With all acks, this situation won't cause any loss - the messages you sent will not be acknowledged until all followers[2] have sent a fetch request with an offset later than those messages, and if followers or the leader die, the producer client will timeout before getting that acknowledgement, and retry. The downside is that even when everything is fine, if the followers are 9 seconds behind the leader then that's how long your producer will wait for an acknowledgement. So now you might be asking incredulously if your application is going to be regularly blocked for up to 10 seconds (or more if there are elections going on at the broker end). Relax, it's not your application code that is blocked - unlike consuming, producing is asynchronous for this very reason, the producer send method returns immediately, a separate thread is continuously sending batches of messages to the brokers from a buffer. A temporary issue at the broker end will just cause the buffer to fill up a bit. If everything is really grinding to a halt, then the buffer will fill up, and send method calls will fail immediately, so you're application will know about it. And what to do about that? Well now you have a problem to solve - if there's a temporary spike that has overwhelmed the server end, you probably want to open a circuit breaker at this point and fail over to some other strategy - maybe store pending messages somewhere until the situation eases. 
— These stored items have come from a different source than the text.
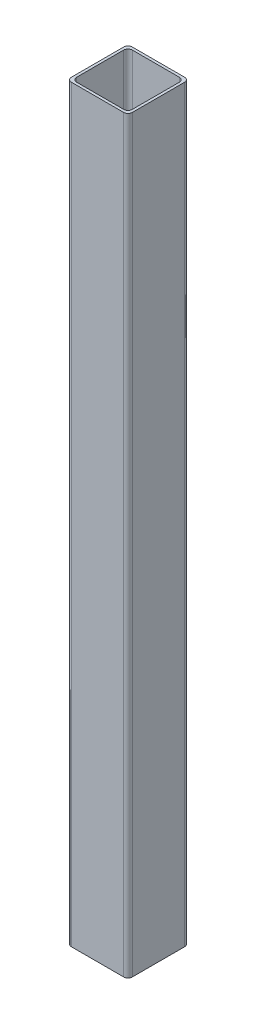
ISO-10303-21;
HEADER;
FILE_DESCRIPTION(('STEP AP214'),'2;1');
FILE_NAME('part.step','',(''),(''),'','','');
FILE_SCHEMA(('AUTOMOTIVE_DESIGN { 1 0 10303 214 1 1 1 1 }'));
ENDSEC;
DATA;
#1=APPLICATION_CONTEXT('core data for automotive mechanical design processes');
#2=APPLICATION_PROTOCOL_DEFINITION('international standard','automotive_design',2000,#1);
#3=PRODUCT_CONTEXT('',#1,'mechanical');
#4=PRODUCT('Part','Part','',(#3));
#5=PRODUCT_RELATED_PRODUCT_CATEGORY('part','',(#4));
#6=PRODUCT_DEFINITION_FORMATION('','',#4);
#7=PRODUCT_DEFINITION_CONTEXT('part definition',#1,'design');
#8=PRODUCT_DEFINITION('design','',#6,#7);
#9=PRODUCT_DEFINITION_SHAPE('','',#8);
#10=(LENGTH_UNIT() NAMED_UNIT(*) SI_UNIT(.MILLI.,.METRE.));
#11=(NAMED_UNIT(*) PLANE_ANGLE_UNIT() SI_UNIT($,.RADIAN.));
#12=(NAMED_UNIT(*) SI_UNIT($,.STERADIAN.) SOLID_ANGLE_UNIT());
#13=UNCERTAINTY_MEASURE_WITH_UNIT(LENGTH_MEASURE(1.E-05),#10,'distance_accuracy_value','');
#14=(GEOMETRIC_REPRESENTATION_CONTEXT(3) GLOBAL_UNCERTAINTY_ASSIGNED_CONTEXT((#13)) GLOBAL_UNIT_ASSIGNED_CONTEXT((#10,
#11,#12)) REPRESENTATION_CONTEXT('',''));
#15=CARTESIAN_POINT('',(0.,0.,0.));
#16=DIRECTION('',(0.,0.,1.));
#17=DIRECTION('',(1.,0.,0.));
#18=AXIS2_PLACEMENT_3D('',#15,#16,#17);
#19=CARTESIAN_POINT('',(0.,860.,0.));
#20=DIRECTION('',(0.,0.,-1.));
#21=DIRECTION('',(-1.,0.,0.));
#22=AXIS2_PLACEMENT_3D('',#19,#20,#21);
#23=PLANE('',#22);
#24=DIRECTION('',(1.,0.,0.));
#25=VECTOR('',#24,1.);
#26=CARTESIAN_POINT('',(0.,0.,0.));
#27=LINE('',#26,#25);
#28=CARTESIAN_POINT('',(5.,0.,0.));
#29=VERTEX_POINT('',#28);
#30=CARTESIAN_POINT('',(65.,0.,0.));
#31=VERTEX_POINT('',#30);
#32=EDGE_CURVE('E204',#29,#31,#27,.T.);
#33=ORIENTED_EDGE('',*,*,#32,.T.);
#34=DIRECTION('',(0.,-1.,0.));
#35=VECTOR('',#34,1.);
#36=CARTESIAN_POINT('',(65.,860.,0.));
#37=LINE('',#36,#35);
#38=CARTESIAN_POINT('',(65.,860.,0.));
#39=VERTEX_POINT('',#38);
#40=EDGE_CURVE('E182',#31,#39,#37,.F.);
#41=ORIENTED_EDGE('',*,*,#40,.T.);
#42=DIRECTION('',(1.,0.,0.));
#43=VECTOR('',#42,1.);
#44=CARTESIAN_POINT('',(0.,860.,0.));
#45=LINE('',#44,#43);
#46=CARTESIAN_POINT('',(5.,860.,0.));
#47=VERTEX_POINT('',#46);
#48=EDGE_CURVE('E214',#47,#39,#45,.T.);
#49=ORIENTED_EDGE('',*,*,#48,.F.);
#50=DIRECTION('',(0.,-1.,0.));
#51=VECTOR('',#50,1.);
#52=CARTESIAN_POINT('',(5.,0.,0.));
#53=LINE('',#52,#51);
#54=EDGE_CURVE('E187',#47,#29,#53,.T.);
#55=ORIENTED_EDGE('',*,*,#54,.T.);
#56=EDGE_LOOP('',(#33,#41,#49,#55));
#57=FACE_BOUND('',#56,.T.);
#58=ADVANCED_FACE('F63',(#57),#23,.F.);
#59=CARTESIAN_POINT('',(70.,860.,0.));
#60=DIRECTION('',(-1.,0.,0.));
#61=DIRECTION('',(0.,0.,1.));
#62=AXIS2_PLACEMENT_3D('',#59,#60,#61);
#63=PLANE('',#62);
#64=DIRECTION('',(0.,0.,-1.));
#65=VECTOR('',#64,1.);
#66=CARTESIAN_POINT('',(70.,860.,0.));
#67=LINE('',#66,#65);
#68=CARTESIAN_POINT('',(70.,860.,-5.));
#69=VERTEX_POINT('',#68);
#70=CARTESIAN_POINT('',(70.,860.,-65.));
#71=VERTEX_POINT('',#70);
#72=EDGE_CURVE('E197',#69,#71,#67,.T.);
#73=ORIENTED_EDGE('',*,*,#72,.F.);
#74=DIRECTION('',(0.,-1.,0.));
#75=VECTOR('',#74,1.);
#76=CARTESIAN_POINT('',(70.,860.,-5.));
#77=LINE('',#76,#75);
#78=CARTESIAN_POINT('',(70.,0.,-5.));
#79=VERTEX_POINT('',#78);
#80=EDGE_CURVE('E181',#69,#79,#77,.T.);
#81=ORIENTED_EDGE('',*,*,#80,.T.);
#82=DIRECTION('',(0.,0.,-1.));
#83=VECTOR('',#82,1.);
#84=CARTESIAN_POINT('',(70.,0.,0.));
#85=LINE('',#84,#83);
#86=CARTESIAN_POINT('',(70.,0.,-65.));
#87=VERTEX_POINT('',#86);
#88=EDGE_CURVE('E194',#79,#87,#85,.T.);
#89=ORIENTED_EDGE('',*,*,#88,.T.);
#90=DIRECTION('',(0.,-1.,0.));
#91=VECTOR('',#90,1.);
#92=CARTESIAN_POINT('',(70.,860.,-65.));
#93=LINE('',#92,#91);
#94=EDGE_CURVE('E199',#87,#71,#93,.F.);
#95=ORIENTED_EDGE('',*,*,#94,.T.);
#96=EDGE_LOOP('',(#73,#81,#89,#95));
#97=FACE_BOUND('',#96,.T.);
#98=ADVANCED_FACE('F193',(#97),#63,.F.);
#99=CARTESIAN_POINT('',(0.,860.,-70.));
#100=DIRECTION('',(0.,0.,-1.));
#101=DIRECTION('',(-1.,0.,0.));
#102=AXIS2_PLACEMENT_3D('',#99,#100,#101);
#103=PLANE('',#102);
#104=DIRECTION('',(1.,0.,0.));
#105=VECTOR('',#104,1.);
#106=CARTESIAN_POINT('',(0.,860.,-70.));
#107=LINE('',#106,#105);
#108=CARTESIAN_POINT('',(5.00000000000001,860.,-70.));
#109=VERTEX_POINT('',#108);
#110=CARTESIAN_POINT('',(65.,860.,-70.));
#111=VERTEX_POINT('',#110);
#112=EDGE_CURVE('E317',#109,#111,#107,.T.);
#113=ORIENTED_EDGE('',*,*,#112,.T.);
#114=DIRECTION('',(0.,-1.,0.));
#115=VECTOR('',#114,1.);
#116=CARTESIAN_POINT('',(65.,0.,-70.));
#117=LINE('',#116,#115);
#118=CARTESIAN_POINT('',(65.,0.,-70.));
#119=VERTEX_POINT('',#118);
#120=EDGE_CURVE('E243',#111,#119,#117,.T.);
#121=ORIENTED_EDGE('',*,*,#120,.T.);
#122=DIRECTION('',(1.,0.,0.));
#123=VECTOR('',#122,1.);
#124=CARTESIAN_POINT('',(0.,0.,-70.));
#125=LINE('',#124,#123);
#126=CARTESIAN_POINT('',(5.00000000000001,0.,-70.));
#127=VERTEX_POINT('',#126);
#128=EDGE_CURVE('E203',#127,#119,#125,.T.);
#129=ORIENTED_EDGE('',*,*,#128,.F.);
#130=DIRECTION('',(0.,-1.,0.));
#131=VECTOR('',#130,1.);
#132=CARTESIAN_POINT('',(5.00000000000001,860.,-70.));
#133=LINE('',#132,#131);
#134=EDGE_CURVE('E241',#127,#109,#133,.F.);
#135=ORIENTED_EDGE('',*,*,#134,.T.);
#136=EDGE_LOOP('',(#113,#121,#129,#135));
#137=FACE_BOUND('',#136,.T.);
#138=ADVANCED_FACE('F327',(#137),#103,.T.);
#139=CARTESIAN_POINT('',(0.,860.,0.));
#140=DIRECTION('',(-1.,0.,0.));
#141=DIRECTION('',(0.,0.,1.));
#142=AXIS2_PLACEMENT_3D('',#139,#140,#141);
#143=PLANE('',#142);
#144=DIRECTION('',(0.,0.,-1.));
#145=VECTOR('',#144,1.);
#146=CARTESIAN_POINT('',(0.,860.,0.));
#147=LINE('',#146,#145);
#148=CARTESIAN_POINT('',(0.,860.,-5.));
#149=VERTEX_POINT('',#148);
#150=CARTESIAN_POINT('',(0.,860.,-65.));
#151=VERTEX_POINT('',#150);
#152=EDGE_CURVE('E215',#149,#151,#147,.T.);
#153=ORIENTED_EDGE('',*,*,#152,.T.);
#154=DIRECTION('',(0.,-1.,0.));
#155=VECTOR('',#154,1.);
#156=CARTESIAN_POINT('',(0.,860.,-65.));
#157=LINE('',#156,#155);
#158=CARTESIAN_POINT('',(0.,0.,-65.));
#159=VERTEX_POINT('',#158);
#160=EDGE_CURVE('E257',#151,#159,#157,.T.);
#161=ORIENTED_EDGE('',*,*,#160,.T.);
#162=DIRECTION('',(0.,0.,-1.));
#163=VECTOR('',#162,1.);
#164=CARTESIAN_POINT('',(0.,0.,0.));
#165=LINE('',#164,#163);
#166=CARTESIAN_POINT('',(0.,0.,-5.));
#167=VERTEX_POINT('',#166);
#168=EDGE_CURVE('E206',#167,#159,#165,.T.);
#169=ORIENTED_EDGE('',*,*,#168,.F.);
#170=DIRECTION('',(0.,-1.,0.));
#171=VECTOR('',#170,1.);
#172=CARTESIAN_POINT('',(0.,860.,-5.));
#173=LINE('',#172,#171);
#174=EDGE_CURVE('E85',#167,#149,#173,.F.);
#175=ORIENTED_EDGE('',*,*,#174,.T.);
#176=EDGE_LOOP('',(#153,#161,#169,#175));
#177=FACE_BOUND('',#176,.T.);
#178=ADVANCED_FACE('F320',(#177),#143,.T.);
#179=CARTESIAN_POINT('',(0.,860.,0.));
#180=DIRECTION('',(0.,1.,0.));
#181=DIRECTION('',(0.,0.,1.));
#182=AXIS2_PLACEMENT_3D('',#179,#180,#181);
#183=PLANE('',#182);
#184=DIRECTION('',(1.,0.,0.));
#185=VECTOR('',#184,1.);
#186=CARTESIAN_POINT('',(3.,860.,-3.));
#187=LINE('',#186,#185);
#188=CARTESIAN_POINT('',(8.,860.,-3.));
#189=VERTEX_POINT('',#188);
#190=CARTESIAN_POINT('',(62.,860.,-3.));
#191=VERTEX_POINT('',#190);
#192=EDGE_CURVE('E208',#189,#191,#187,.T.);
#193=ORIENTED_EDGE('',*,*,#192,.F.);
#194=CARTESIAN_POINT('',(8.,860.,-8.));
#195=DIRECTION('',(0.,1.,0.));
#196=DIRECTION('',(0.,0.,1.));
#197=AXIS2_PLACEMENT_3D('',#194,#195,#196);
#198=CIRCLE('',#197,5.);
#199=CARTESIAN_POINT('',(3.,860.,-8.));
#200=VERTEX_POINT('',#199);
#201=EDGE_CURVE('E12',#189,#200,#198,.F.);
#202=ORIENTED_EDGE('',*,*,#201,.T.);
#203=DIRECTION('',(0.,0.,-1.));
#204=VECTOR('',#203,1.);
#205=CARTESIAN_POINT('',(3.,860.,-3.));
#206=LINE('',#205,#204);
#207=CARTESIAN_POINT('',(3.,860.,-62.));
#208=VERTEX_POINT('',#207);
#209=EDGE_CURVE('E287',#200,#208,#206,.T.);
#210=ORIENTED_EDGE('',*,*,#209,.T.);
#211=CARTESIAN_POINT('',(8.,860.,-62.));
#212=DIRECTION('',(0.,1.,0.));
#213=DIRECTION('',(0.,0.,1.));
#214=AXIS2_PLACEMENT_3D('',#211,#212,#213);
#215=CIRCLE('',#214,5.);
#216=CARTESIAN_POINT('',(8.,860.,-67.));
#217=VERTEX_POINT('',#216);
#218=EDGE_CURVE('E270',#208,#217,#215,.F.);
#219=ORIENTED_EDGE('',*,*,#218,.T.);
#220=DIRECTION('',(1.,0.,0.));
#221=VECTOR('',#220,1.);
#222=CARTESIAN_POINT('',(3.,860.,-67.));
#223=LINE('',#222,#221);
#224=CARTESIAN_POINT('',(62.,860.,-67.));
#225=VERTEX_POINT('',#224);
#226=EDGE_CURVE('E299',#217,#225,#223,.T.);
#227=ORIENTED_EDGE('',*,*,#226,.T.);
#228=CARTESIAN_POINT('',(62.,860.,-62.));
#229=DIRECTION('',(0.,1.,0.));
#230=DIRECTION('',(0.,0.,1.));
#231=AXIS2_PLACEMENT_3D('',#228,#229,#230);
#232=CIRCLE('',#231,5.);
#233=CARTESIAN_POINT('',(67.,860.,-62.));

So how likely is any of this? Are we worrying about something that probably won't happen? Well, the question is really - do you EVER restart a server. For resilience, Kafka spreads partitions across brokers on different servers and racks, and so each server will host a mix of different partitions, acting as follower for some and leader for others - or to put it another way EVERY server is a leader for at least one partition and so restarting a server WILL almost certainly lose messages ahead of the high watermark, whether they exist on disk or not. That is why acks=1 will pretty much inevitably cause message loss. 

[1] My first car was a beautiful Austin Maxi - I remember rebuilding the starter motor from the remains of two starter motors I found at the scrap yard - the days when cars were made to be messed about with. I also remember having to push the thing to a petrol station when the fuel gauge decided to play up - they weigh a ton! 

[2] A slight detail here is that we don't always have to wait for all the followers - min.insync.replicas is a broker end configuration that defines what is good enough for all acks, in the case where one or more followers have dropped out of sync. With 3 replicas (1 leader and 2 followers) it is common to have a minimum of 2 in sync. This means that when both followers are in-sync the leader will wait for both (even if one of them is 1 second behind and the other is 9 seconds behind). But if one follower has fallen behind far enough to be considered out of sync, the leader doesn't wait for the partition to be picked up by a new follower, and so the producer doesn't wait either - it effectively trusts that the leader and still in-sync follower won't both fail before everything gets back to normal - here lies the only risk if min.insync.replicas is lower than the total replicas.

1 comment:

Dean said...

Thanks Chris! We came across a similar 'discovery' recently where it was plain the manual wasn't read - hard lessons but one we won't forget. Thanks for sharing.